[Stored entries]

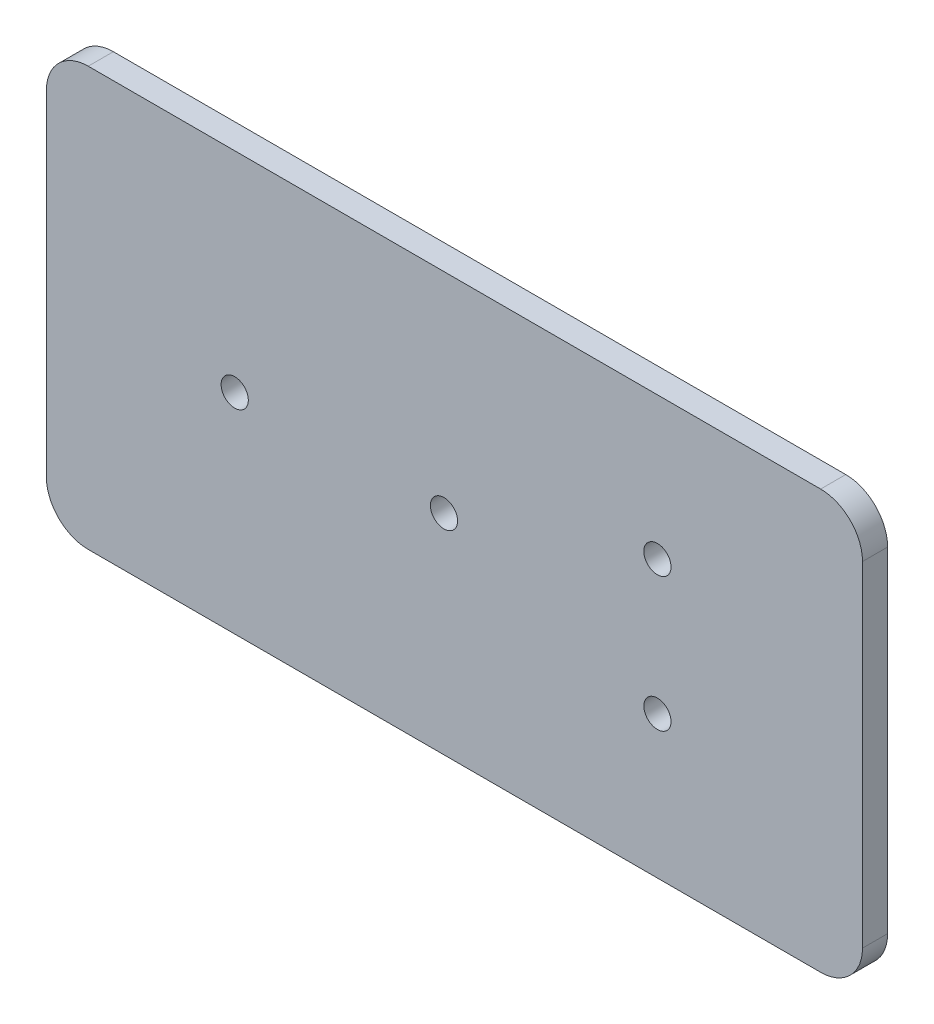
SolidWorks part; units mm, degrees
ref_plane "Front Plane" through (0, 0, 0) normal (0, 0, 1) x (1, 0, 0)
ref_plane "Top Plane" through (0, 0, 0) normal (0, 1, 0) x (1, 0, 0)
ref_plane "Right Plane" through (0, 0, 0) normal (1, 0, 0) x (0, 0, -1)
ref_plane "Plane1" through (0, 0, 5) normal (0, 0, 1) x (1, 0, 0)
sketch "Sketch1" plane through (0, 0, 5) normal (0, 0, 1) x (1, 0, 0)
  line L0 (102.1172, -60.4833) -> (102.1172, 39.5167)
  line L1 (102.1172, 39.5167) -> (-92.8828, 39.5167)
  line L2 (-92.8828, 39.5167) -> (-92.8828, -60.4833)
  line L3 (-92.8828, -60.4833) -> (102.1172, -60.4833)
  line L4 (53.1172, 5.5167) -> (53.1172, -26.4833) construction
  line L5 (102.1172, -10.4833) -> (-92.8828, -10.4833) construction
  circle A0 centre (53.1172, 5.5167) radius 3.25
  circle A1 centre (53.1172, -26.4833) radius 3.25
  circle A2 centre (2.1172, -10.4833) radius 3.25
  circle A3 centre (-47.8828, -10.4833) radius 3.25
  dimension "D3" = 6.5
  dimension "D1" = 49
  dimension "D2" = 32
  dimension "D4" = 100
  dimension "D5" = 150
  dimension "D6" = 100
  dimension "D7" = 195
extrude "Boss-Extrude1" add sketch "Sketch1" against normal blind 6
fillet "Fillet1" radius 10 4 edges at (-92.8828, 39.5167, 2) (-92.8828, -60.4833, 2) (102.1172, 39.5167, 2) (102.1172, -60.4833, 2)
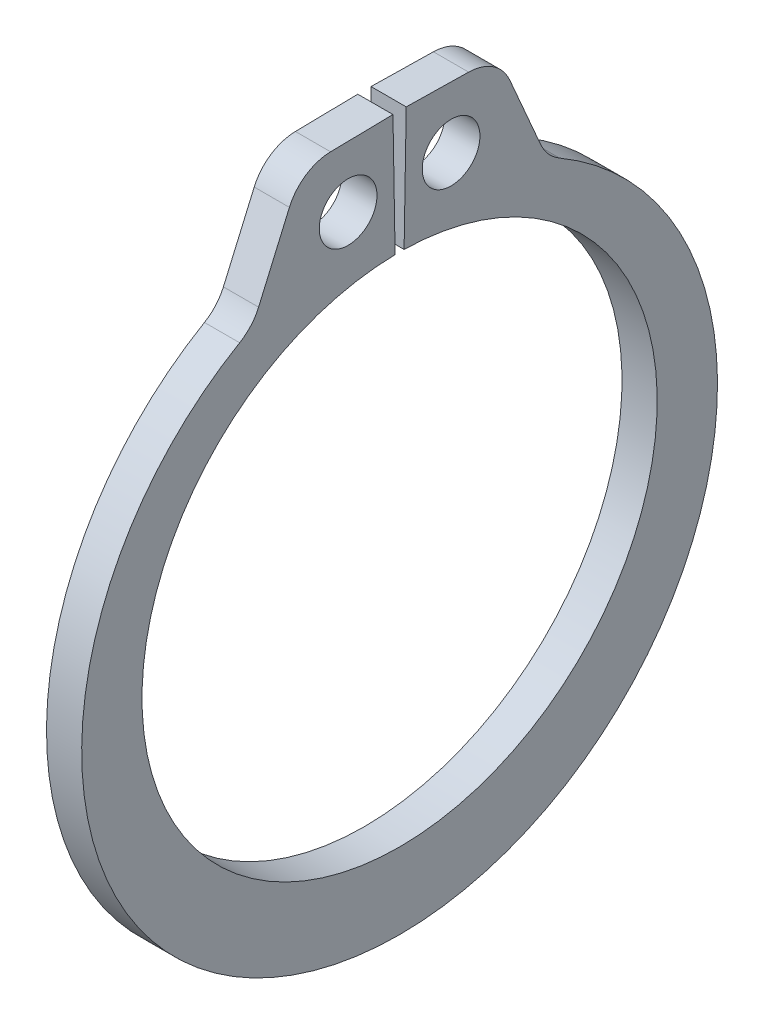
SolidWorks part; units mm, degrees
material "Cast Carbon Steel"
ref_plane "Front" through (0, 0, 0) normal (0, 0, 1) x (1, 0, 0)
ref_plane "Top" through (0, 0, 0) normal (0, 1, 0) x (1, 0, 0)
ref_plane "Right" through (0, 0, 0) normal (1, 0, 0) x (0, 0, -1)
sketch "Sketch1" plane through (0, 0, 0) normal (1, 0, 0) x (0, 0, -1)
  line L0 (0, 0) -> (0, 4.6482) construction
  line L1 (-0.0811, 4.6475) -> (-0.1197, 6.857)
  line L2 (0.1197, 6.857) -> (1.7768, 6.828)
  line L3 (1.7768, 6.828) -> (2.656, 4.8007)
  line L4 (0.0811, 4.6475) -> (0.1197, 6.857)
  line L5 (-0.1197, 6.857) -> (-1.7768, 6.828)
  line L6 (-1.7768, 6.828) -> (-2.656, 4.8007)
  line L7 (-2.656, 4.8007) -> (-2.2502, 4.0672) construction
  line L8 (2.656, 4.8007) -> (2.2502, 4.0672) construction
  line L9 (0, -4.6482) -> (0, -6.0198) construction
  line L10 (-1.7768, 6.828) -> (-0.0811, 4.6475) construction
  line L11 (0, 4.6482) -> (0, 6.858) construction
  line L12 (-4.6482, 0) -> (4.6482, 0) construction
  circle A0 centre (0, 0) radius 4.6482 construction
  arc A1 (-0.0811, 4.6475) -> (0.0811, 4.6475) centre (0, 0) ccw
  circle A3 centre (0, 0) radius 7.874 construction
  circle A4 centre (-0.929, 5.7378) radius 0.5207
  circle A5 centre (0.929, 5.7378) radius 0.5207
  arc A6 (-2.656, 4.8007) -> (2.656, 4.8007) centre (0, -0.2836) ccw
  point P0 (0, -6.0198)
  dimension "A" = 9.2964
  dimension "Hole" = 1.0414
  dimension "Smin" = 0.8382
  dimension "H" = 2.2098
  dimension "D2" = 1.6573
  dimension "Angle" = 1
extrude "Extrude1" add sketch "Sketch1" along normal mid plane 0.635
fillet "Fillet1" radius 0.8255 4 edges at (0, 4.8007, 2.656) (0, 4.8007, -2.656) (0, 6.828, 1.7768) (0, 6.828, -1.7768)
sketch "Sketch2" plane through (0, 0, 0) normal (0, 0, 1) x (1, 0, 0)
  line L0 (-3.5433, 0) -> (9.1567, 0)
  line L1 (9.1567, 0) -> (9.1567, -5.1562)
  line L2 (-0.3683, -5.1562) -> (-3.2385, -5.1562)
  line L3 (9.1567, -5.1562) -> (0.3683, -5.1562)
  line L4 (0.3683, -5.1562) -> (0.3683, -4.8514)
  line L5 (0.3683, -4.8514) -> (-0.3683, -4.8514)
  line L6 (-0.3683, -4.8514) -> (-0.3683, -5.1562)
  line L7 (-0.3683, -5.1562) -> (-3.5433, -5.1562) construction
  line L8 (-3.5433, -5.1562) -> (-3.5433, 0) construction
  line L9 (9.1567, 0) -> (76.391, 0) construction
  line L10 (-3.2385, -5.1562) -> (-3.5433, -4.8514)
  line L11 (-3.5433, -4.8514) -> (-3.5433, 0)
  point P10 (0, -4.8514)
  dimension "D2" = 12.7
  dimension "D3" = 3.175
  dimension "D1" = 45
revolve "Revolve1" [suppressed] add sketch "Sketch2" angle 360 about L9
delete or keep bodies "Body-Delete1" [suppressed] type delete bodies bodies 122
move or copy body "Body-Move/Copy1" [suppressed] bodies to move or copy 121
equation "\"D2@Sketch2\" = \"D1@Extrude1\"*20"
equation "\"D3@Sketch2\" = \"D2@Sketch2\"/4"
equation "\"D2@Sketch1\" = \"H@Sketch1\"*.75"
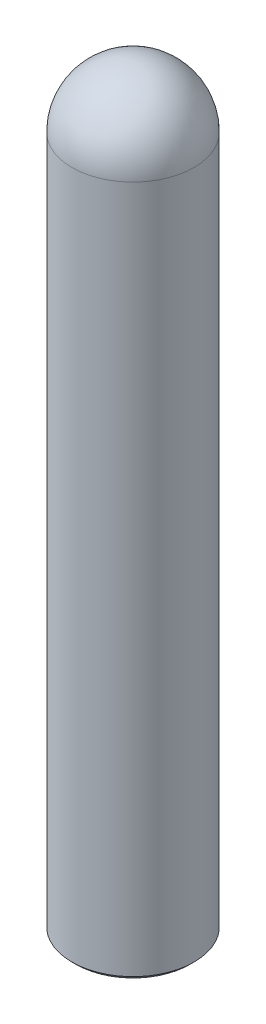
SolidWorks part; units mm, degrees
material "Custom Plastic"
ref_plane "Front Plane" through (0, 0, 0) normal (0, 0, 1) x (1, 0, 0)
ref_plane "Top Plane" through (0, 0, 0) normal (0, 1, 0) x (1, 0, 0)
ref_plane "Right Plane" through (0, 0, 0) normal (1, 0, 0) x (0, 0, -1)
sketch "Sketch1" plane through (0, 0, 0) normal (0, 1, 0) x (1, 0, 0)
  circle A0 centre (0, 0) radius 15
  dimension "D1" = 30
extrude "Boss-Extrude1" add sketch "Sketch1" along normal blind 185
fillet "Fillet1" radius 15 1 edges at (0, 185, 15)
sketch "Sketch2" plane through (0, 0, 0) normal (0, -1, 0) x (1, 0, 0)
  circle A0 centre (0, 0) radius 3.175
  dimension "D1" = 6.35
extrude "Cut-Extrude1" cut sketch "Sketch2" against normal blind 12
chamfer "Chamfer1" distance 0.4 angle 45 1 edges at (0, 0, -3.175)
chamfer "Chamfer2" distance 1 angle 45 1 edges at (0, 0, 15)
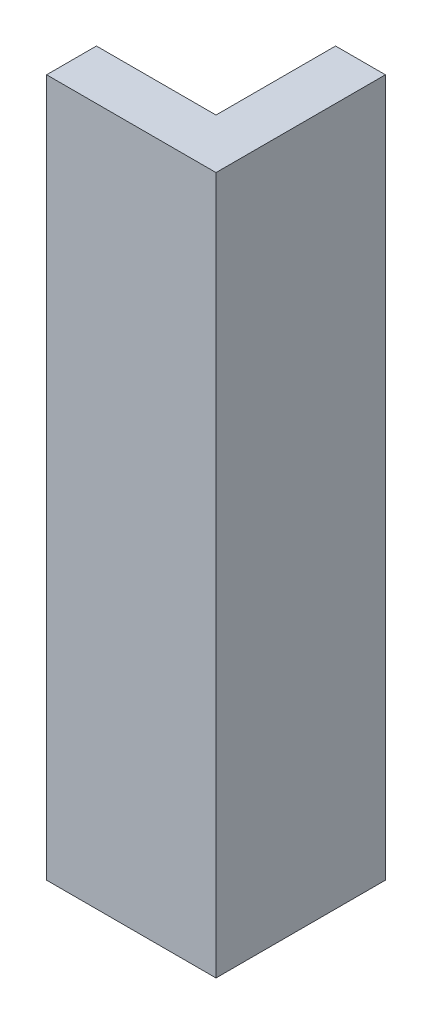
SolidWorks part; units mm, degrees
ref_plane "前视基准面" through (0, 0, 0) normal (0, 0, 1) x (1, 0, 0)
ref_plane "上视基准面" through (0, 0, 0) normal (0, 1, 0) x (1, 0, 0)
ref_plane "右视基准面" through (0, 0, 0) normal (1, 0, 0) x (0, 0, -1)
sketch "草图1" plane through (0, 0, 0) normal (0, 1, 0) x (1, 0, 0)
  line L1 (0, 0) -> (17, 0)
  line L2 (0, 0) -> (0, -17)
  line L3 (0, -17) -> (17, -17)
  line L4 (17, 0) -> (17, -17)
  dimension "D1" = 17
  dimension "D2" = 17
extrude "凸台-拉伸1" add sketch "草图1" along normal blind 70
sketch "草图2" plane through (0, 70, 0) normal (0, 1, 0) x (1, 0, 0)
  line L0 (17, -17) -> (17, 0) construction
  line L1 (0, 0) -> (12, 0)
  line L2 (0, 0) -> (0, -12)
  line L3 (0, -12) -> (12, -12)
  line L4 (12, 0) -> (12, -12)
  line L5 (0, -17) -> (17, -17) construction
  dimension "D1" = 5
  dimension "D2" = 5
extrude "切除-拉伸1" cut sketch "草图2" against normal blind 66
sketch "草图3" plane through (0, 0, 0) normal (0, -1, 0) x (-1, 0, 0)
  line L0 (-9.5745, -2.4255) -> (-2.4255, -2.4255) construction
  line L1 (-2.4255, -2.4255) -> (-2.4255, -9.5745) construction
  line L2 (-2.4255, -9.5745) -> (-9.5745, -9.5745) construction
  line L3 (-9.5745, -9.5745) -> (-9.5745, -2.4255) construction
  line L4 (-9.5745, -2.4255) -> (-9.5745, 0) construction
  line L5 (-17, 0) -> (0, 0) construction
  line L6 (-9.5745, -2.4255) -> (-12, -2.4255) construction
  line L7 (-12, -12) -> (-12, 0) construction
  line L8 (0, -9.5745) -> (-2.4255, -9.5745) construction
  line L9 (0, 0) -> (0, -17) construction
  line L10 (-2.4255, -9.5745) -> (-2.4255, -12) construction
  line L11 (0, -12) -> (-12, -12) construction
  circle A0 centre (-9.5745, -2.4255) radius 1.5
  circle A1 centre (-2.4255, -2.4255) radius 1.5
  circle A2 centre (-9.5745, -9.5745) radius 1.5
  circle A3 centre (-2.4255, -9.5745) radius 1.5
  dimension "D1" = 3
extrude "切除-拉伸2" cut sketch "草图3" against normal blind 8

▶ [ACTION ITEM]: Taking the lines above, repeat exactly those from the line that contains "line L4 (0.3683, -5.1562)" through the line that contains "line L10 (-3.2385, -5.1562)", and both of those lines as well. Include nothing else.

▶ [RESULT]:
  line L4 (0.3683, -5.1562) -> (0.3683, -4.8514)
  line L5 (0.3683, -4.8514) -> (-0.3683, -4.8514)
  line L6 (-0.3683, -4.8514) -> (-0.3683, -5.1562)
  line L7 (-0.3683, -5.1562) -> (-3.5433, -5.1562) construction
  line L8 (-3.5433, -5.1562) -> (-3.5433, 0) construction
  line L9 (9.1567, 0) -> (76.391, 0) construction
  line L10 (-3.2385, -5.1562) -> (-3.5433, -4.8514)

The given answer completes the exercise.